##### DATASET EXTRACT

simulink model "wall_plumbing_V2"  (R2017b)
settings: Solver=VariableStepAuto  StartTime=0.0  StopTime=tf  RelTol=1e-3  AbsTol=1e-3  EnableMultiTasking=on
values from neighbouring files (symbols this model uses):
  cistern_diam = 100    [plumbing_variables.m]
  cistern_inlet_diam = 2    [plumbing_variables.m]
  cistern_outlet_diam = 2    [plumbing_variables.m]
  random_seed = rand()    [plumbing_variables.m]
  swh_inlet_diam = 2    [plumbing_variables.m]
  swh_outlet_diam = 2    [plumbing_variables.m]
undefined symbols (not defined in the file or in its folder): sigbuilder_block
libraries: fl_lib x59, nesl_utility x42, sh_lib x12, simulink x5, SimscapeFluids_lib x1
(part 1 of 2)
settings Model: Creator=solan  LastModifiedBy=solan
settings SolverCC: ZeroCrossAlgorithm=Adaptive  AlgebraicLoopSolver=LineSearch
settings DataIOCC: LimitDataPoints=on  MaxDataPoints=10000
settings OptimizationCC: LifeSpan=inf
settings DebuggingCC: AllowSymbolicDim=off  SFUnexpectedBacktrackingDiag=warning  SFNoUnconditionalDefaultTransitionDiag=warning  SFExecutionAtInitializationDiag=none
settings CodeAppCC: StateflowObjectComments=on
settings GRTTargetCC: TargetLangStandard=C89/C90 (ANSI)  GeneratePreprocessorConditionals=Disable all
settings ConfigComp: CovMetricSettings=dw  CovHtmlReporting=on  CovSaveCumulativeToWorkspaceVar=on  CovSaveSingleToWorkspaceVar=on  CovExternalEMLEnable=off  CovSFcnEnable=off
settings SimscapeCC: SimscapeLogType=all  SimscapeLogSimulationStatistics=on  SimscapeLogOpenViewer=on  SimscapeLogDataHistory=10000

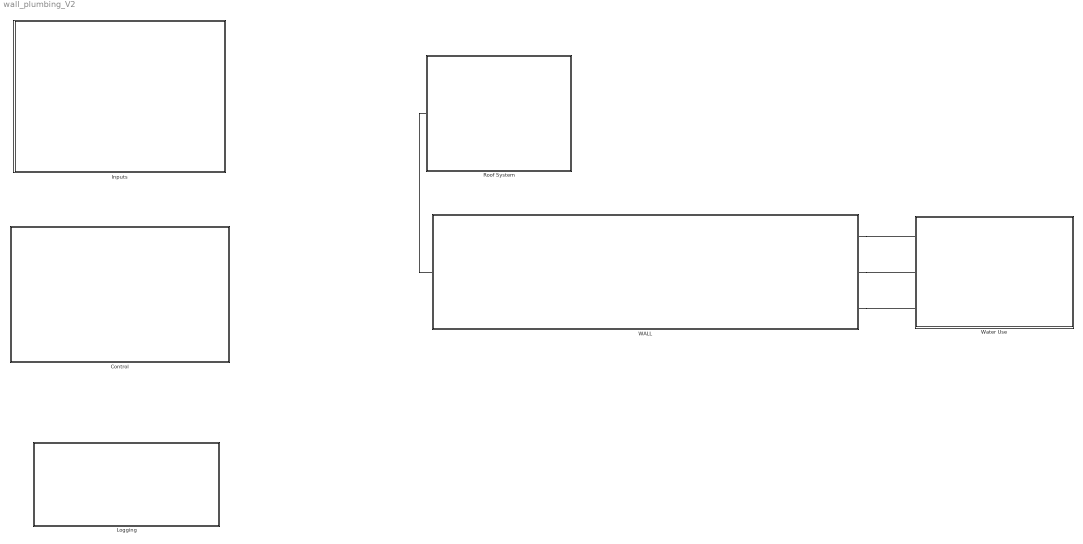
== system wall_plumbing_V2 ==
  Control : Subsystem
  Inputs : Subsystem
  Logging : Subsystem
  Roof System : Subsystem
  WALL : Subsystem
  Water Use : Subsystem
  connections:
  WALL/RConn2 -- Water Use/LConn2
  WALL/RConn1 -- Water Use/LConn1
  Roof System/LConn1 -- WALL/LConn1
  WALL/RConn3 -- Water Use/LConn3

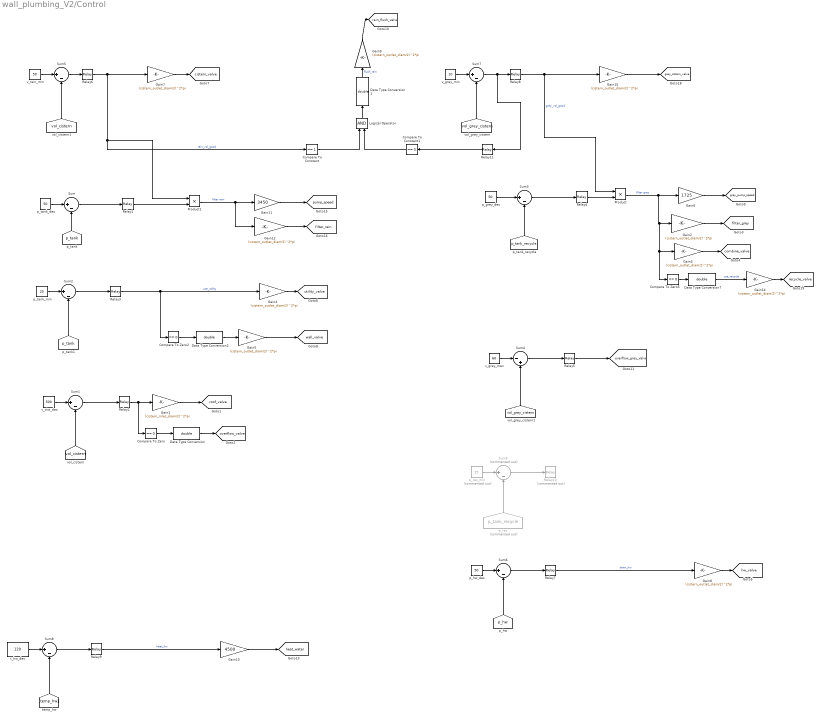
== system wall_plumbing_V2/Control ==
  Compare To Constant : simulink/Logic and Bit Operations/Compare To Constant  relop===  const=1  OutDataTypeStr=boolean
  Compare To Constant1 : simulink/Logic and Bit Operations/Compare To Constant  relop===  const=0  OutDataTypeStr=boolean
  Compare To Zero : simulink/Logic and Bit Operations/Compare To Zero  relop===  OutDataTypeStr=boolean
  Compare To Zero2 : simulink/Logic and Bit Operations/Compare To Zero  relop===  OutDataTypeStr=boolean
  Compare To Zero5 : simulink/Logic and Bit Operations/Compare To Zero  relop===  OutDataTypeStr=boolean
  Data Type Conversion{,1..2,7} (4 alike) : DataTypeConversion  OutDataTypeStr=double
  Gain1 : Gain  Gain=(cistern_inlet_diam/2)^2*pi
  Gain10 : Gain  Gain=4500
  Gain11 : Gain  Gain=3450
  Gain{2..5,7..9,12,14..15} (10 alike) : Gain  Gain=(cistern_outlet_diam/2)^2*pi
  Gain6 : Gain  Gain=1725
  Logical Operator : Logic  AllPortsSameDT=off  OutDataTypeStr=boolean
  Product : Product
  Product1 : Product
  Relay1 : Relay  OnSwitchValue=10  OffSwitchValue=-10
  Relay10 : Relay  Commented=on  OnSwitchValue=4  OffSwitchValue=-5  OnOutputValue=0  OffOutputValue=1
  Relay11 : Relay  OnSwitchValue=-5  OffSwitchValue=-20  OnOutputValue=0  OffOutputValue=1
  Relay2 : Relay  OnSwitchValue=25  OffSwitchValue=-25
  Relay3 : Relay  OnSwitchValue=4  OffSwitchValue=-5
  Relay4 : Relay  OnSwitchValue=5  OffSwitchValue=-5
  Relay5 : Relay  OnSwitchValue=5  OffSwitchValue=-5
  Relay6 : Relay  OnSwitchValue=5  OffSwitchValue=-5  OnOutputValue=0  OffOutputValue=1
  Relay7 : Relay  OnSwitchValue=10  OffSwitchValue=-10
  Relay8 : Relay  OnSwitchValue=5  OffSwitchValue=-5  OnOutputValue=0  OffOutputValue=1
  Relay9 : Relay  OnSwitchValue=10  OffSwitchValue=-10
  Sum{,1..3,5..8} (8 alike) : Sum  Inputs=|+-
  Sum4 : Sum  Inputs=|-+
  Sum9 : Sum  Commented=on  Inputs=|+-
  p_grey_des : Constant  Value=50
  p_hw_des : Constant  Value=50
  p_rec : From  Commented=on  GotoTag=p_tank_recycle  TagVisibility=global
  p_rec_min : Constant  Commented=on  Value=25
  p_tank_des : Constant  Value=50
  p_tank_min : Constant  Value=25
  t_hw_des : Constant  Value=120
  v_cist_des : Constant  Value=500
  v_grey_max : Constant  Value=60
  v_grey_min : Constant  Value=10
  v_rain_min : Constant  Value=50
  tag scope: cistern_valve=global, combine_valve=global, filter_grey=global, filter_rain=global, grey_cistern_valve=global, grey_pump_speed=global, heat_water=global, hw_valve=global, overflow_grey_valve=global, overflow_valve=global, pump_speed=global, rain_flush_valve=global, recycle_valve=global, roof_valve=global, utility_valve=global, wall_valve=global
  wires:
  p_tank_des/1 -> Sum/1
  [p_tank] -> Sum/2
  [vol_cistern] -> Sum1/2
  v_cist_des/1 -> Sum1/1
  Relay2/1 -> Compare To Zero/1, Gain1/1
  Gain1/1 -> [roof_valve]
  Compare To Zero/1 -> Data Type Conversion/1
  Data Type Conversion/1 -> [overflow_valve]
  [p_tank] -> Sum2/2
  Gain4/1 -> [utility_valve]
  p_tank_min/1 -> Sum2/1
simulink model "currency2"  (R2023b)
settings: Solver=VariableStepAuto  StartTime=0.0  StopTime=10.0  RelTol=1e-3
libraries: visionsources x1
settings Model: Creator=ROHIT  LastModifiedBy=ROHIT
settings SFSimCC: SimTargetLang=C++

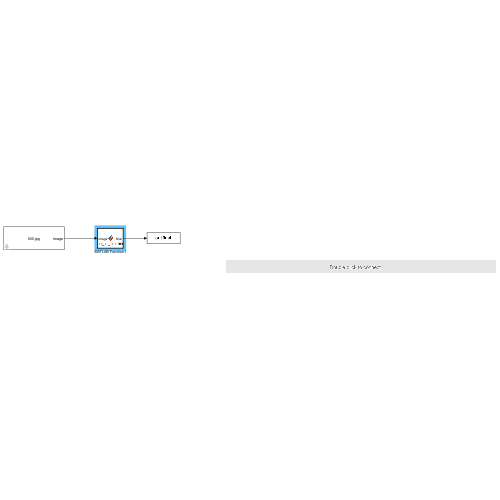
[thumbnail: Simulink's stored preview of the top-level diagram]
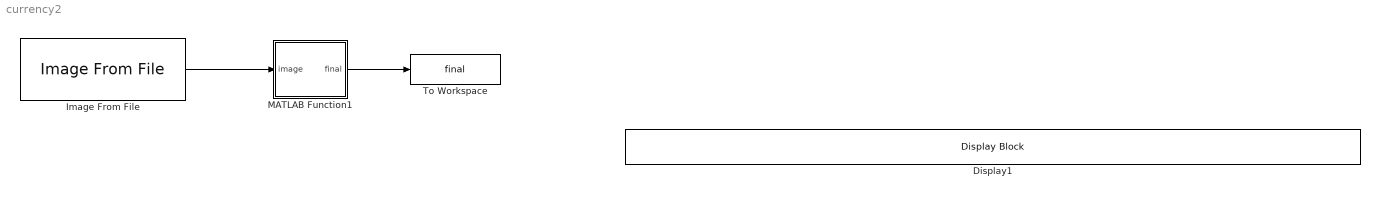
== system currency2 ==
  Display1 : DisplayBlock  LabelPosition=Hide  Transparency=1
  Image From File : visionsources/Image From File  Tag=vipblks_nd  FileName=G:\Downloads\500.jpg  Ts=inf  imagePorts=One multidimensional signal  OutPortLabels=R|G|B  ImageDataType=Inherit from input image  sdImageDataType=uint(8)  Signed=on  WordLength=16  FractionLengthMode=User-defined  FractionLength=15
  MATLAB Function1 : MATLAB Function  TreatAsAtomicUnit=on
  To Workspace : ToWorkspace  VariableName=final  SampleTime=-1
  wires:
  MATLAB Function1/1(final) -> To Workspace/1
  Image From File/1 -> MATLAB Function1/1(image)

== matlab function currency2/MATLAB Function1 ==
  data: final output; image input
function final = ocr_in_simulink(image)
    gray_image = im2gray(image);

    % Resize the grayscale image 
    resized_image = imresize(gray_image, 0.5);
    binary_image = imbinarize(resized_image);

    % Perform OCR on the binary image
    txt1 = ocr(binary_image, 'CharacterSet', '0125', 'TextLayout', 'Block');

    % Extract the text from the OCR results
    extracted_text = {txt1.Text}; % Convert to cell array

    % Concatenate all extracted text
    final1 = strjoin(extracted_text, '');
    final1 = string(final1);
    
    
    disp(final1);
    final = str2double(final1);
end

##########

§ **REQUIRED WORK**
In the copy, every entry appears exactly as written above and no picture appears.

§ **EXERCISE RESULT**
simulink model "wall_plumbing_V2"  (R2017b)
settings: Solver=VariableStepAuto  StartTime=0.0  StopTime=tf  RelTol=1e-3  AbsTol=1e-3  EnableMultiTasking=on
values from neighbouring files (symbols this model uses):
  cistern_diam = 100    [plumbing_variables.m]
  cistern_inlet_diam = 2    [plumbing_variables.m]
  cistern_outlet_diam = 2    [plumbing_variables.m]
  random_seed = rand()    [plumbing_variables.m]
  swh_inlet_diam = 2    [plumbing_variables.m]
  swh_outlet_diam = 2    [plumbing_variables.m]
undefined symbols (not defined in the file or in its folder): sigbuilder_block
libraries: fl_lib x59, nesl_utility x42, sh_lib x12, simulink x5, SimscapeFluids_lib x1
(part 1 of 2)
settings Model: Creator=solan  LastModifiedBy=solan
settings SolverCC: ZeroCrossAlgorithm=Adaptive  AlgebraicLoopSolver=LineSearch
settings DataIOCC: LimitDataPoints=on  MaxDataPoints=10000
settings OptimizationCC: LifeSpan=inf
settings DebuggingCC: AllowSymbolicDim=off  SFUnexpectedBacktrackingDiag=warning  SFNoUnconditionalDefaultTransitionDiag=warning  SFExecutionAtInitializationDiag=none
settings CodeAppCC: StateflowObjectComments=on
settings GRTTargetCC: TargetLangStandard=C89/C90 (ANSI)  GeneratePreprocessorConditionals=Disable all
settings ConfigComp: CovMetricSettings=dw  CovHtmlReporting=on  CovSaveCumulativeToWorkspaceVar=on  CovSaveSingleToWorkspaceVar=on  CovExternalEMLEnable=off  CovSFcnEnable=off
settings SimscapeCC: SimscapeLogType=all  SimscapeLogSimulationStatistics=on  SimscapeLogOpenViewer=on  SimscapeLogDataHistory=10000

== system wall_plumbing_V2 ==
  Control : Subsystem
  Inputs : Subsystem
  Logging : Subsystem
  Roof System : Subsystem
  WALL : Subsystem
  Water Use : Subsystem
  connections:
  WALL/RConn2 -- Water Use/LConn2
  WALL/RConn1 -- Water Use/LConn1
  Roof System/LConn1 -- WALL/LConn1
  WALL/RConn3 -- Water Use/LConn3

== system wall_plumbing_V2/Control ==
  Compare To Constant : simulink/Logic and Bit Operations/Compare To Constant  relop===  const=1  OutDataTypeStr=boolean
  Compare To Constant1 : simulink/Logic and Bit Operations/Compare To Constant  relop===  const=0  OutDataTypeStr=boolean
  Compare To Zero : simulink/Logic and Bit Operations/Compare To Zero  relop===  OutDataTypeStr=boolean
  Compare To Zero2 : simulink/Logic and Bit Operations/Compare To Zero  relop===  OutDataTypeStr=boolean
  Compare To Zero5 : simulink/Logic and Bit Operations/Compare To Zero  relop===  OutDataTypeStr=boolean
  Data Type Conversion{,1..2,7} (4 alike) : DataTypeConversion  OutDataTypeStr=double
  Gain1 : Gain  Gain=(cistern_inlet_diam/2)^2*pi
  Gain10 : Gain  Gain=4500
  Gain11 : Gain  Gain=3450
  Gain{2..5,7..9,12,14..15} (10 alike) : Gain  Gain=(cistern_outlet_diam/2)^2*pi
  Gain6 : Gain  Gain=1725
  Logical Operator : Logic  AllPortsSameDT=off  OutDataTypeStr=boolean
  Product : Product
  Product1 : Product
  Relay1 : Relay  OnSwitchValue=10  OffSwitchValue=-10
  Relay10 : Relay  Commented=on  OnSwitchValue=4  OffSwitchValue=-5  OnOutputValue=0  OffOutputValue=1
  Relay11 : Relay  OnSwitchValue=-5  OffSwitchValue=-20  OnOutputValue=0  OffOutputValue=1
  Relay2 : Relay  OnSwitchValue=25  OffSwitchValue=-25
  Relay3 : Relay  OnSwitchValue=4  OffSwitchValue=-5
  Relay4 : Relay  OnSwitchValue=5  OffSwitchValue=-5
  Relay5 : Relay  OnSwitchValue=5  OffSwitchValue=-5
  Relay6 : Relay  OnSwitchValue=5  OffSwitchValue=-5  OnOutputValue=0  OffOutputValue=1
  Relay7 : Relay  OnSwitchValue=10  OffSwitchValue=-10
  Relay8 : Relay  OnSwitchValue=5  OffSwitchValue=-5  OnOutputValue=0  OffOutputValue=1
  Relay9 : Relay  OnSwitchValue=10  OffSwitchValue=-10
  Sum{,1..3,5..8} (8 alike) : Sum  Inputs=|+-
  Sum4 : Sum  Inputs=|-+
  Sum9 : Sum  Commented=on  Inputs=|+-
  p_grey_des : Constant  Value=50
  p_hw_des : Constant  Value=50
  p_rec : From  Commented=on  GotoTag=p_tank_recycle  TagVisibility=global
  p_rec_min : Constant  Commented=on  Value=25
  p_tank_des : Constant  Value=50
  p_tank_min : Constant  Value=25
  t_hw_des : Constant  Value=120
  v_cist_des : Constant  Value=500
  v_grey_max : Constant  Value=60
  v_grey_min : Constant  Value=10
  v_rain_min : Constant  Value=50
  tag scope: cistern_valve=global, combine_valve=global, filter_grey=global, filter_rain=global, grey_cistern_valve=global, grey_pump_speed=global, heat_water=global, hw_valve=global, overflow_grey_valve=global, overflow_valve=global, pump_speed=global, rain_flush_valve=global, recycle_valve=global, roof_valve=global, utility_valve=global, wall_valve=global
  wires:
  p_tank_des/1 -> Sum/1
  [p_tank] -> Sum/2
  [vol_cistern] -> Sum1/2
  v_cist_des/1 -> Sum1/1
  Relay2/1 -> Compare To Zero/1, Gain1/1
  Gain1/1 -> [roof_valve]
  Compare To Zero/1 -> Data Type Conversion/1
  Data Type Conversion/1 -> [overflow_valve]
  [p_tank] -> Sum2/2
  Gain4/1 -> [utility_valve]
  p_tank_min/1 -> Sum2/1
simulink model "currency2"  (R2023b)
settings: Solver=VariableStepAuto  StartTime=0.0  StopTime=10.0  RelTol=1e-3
libraries: visionsources x1
settings Model: Creator=ROHIT  LastModifiedBy=ROHIT
settings SFSimCC: SimTargetLang=C++

[thumbnail: Simulink's stored preview of the top-level diagram]
== system currency2 ==
  Display1 : DisplayBlock  LabelPosition=Hide  Transparency=1
  Image From File : visionsources/Image From File  Tag=vipblks_nd  FileName=G:\Downloads\500.jpg  Ts=inf  imagePorts=One multidimensional signal  OutPortLabels=R|G|B  ImageDataType=Inherit from input image  sdImageDataType=uint(8)  Signed=on  WordLength=16  FractionLengthMode=User-defined  FractionLength=15
  MATLAB Function1 : MATLAB Function  TreatAsAtomicUnit=on
  To Workspace : ToWorkspace  VariableName=final  SampleTime=-1
  wires:
  MATLAB Function1/1(final) -> To Workspace/1
  Image From File/1 -> MATLAB Function1/1(image)

== matlab function currency2/MATLAB Function1 ==
  data: final output; image input
function final = ocr_in_simulink(image)
    gray_image = im2gray(image);

    % Resize the grayscale image 
    resized_image = imresize(gray_image, 0.5);
    binary_image = imbinarize(resized_image);

    % Perform OCR on the binary image
    txt1 = ocr(binary_image, 'CharacterSet', '0125', 'TextLayout', 'Block');

    % Extract the text from the OCR results
    extracted_text = {txt1.Text}; % Convert to cell array

    % Concatenate all extracted text
    final1 = strjoin(extracted_text, '');
    final1 = string(final1);
    
    
    disp(final1);
    final = str2double(final1);
end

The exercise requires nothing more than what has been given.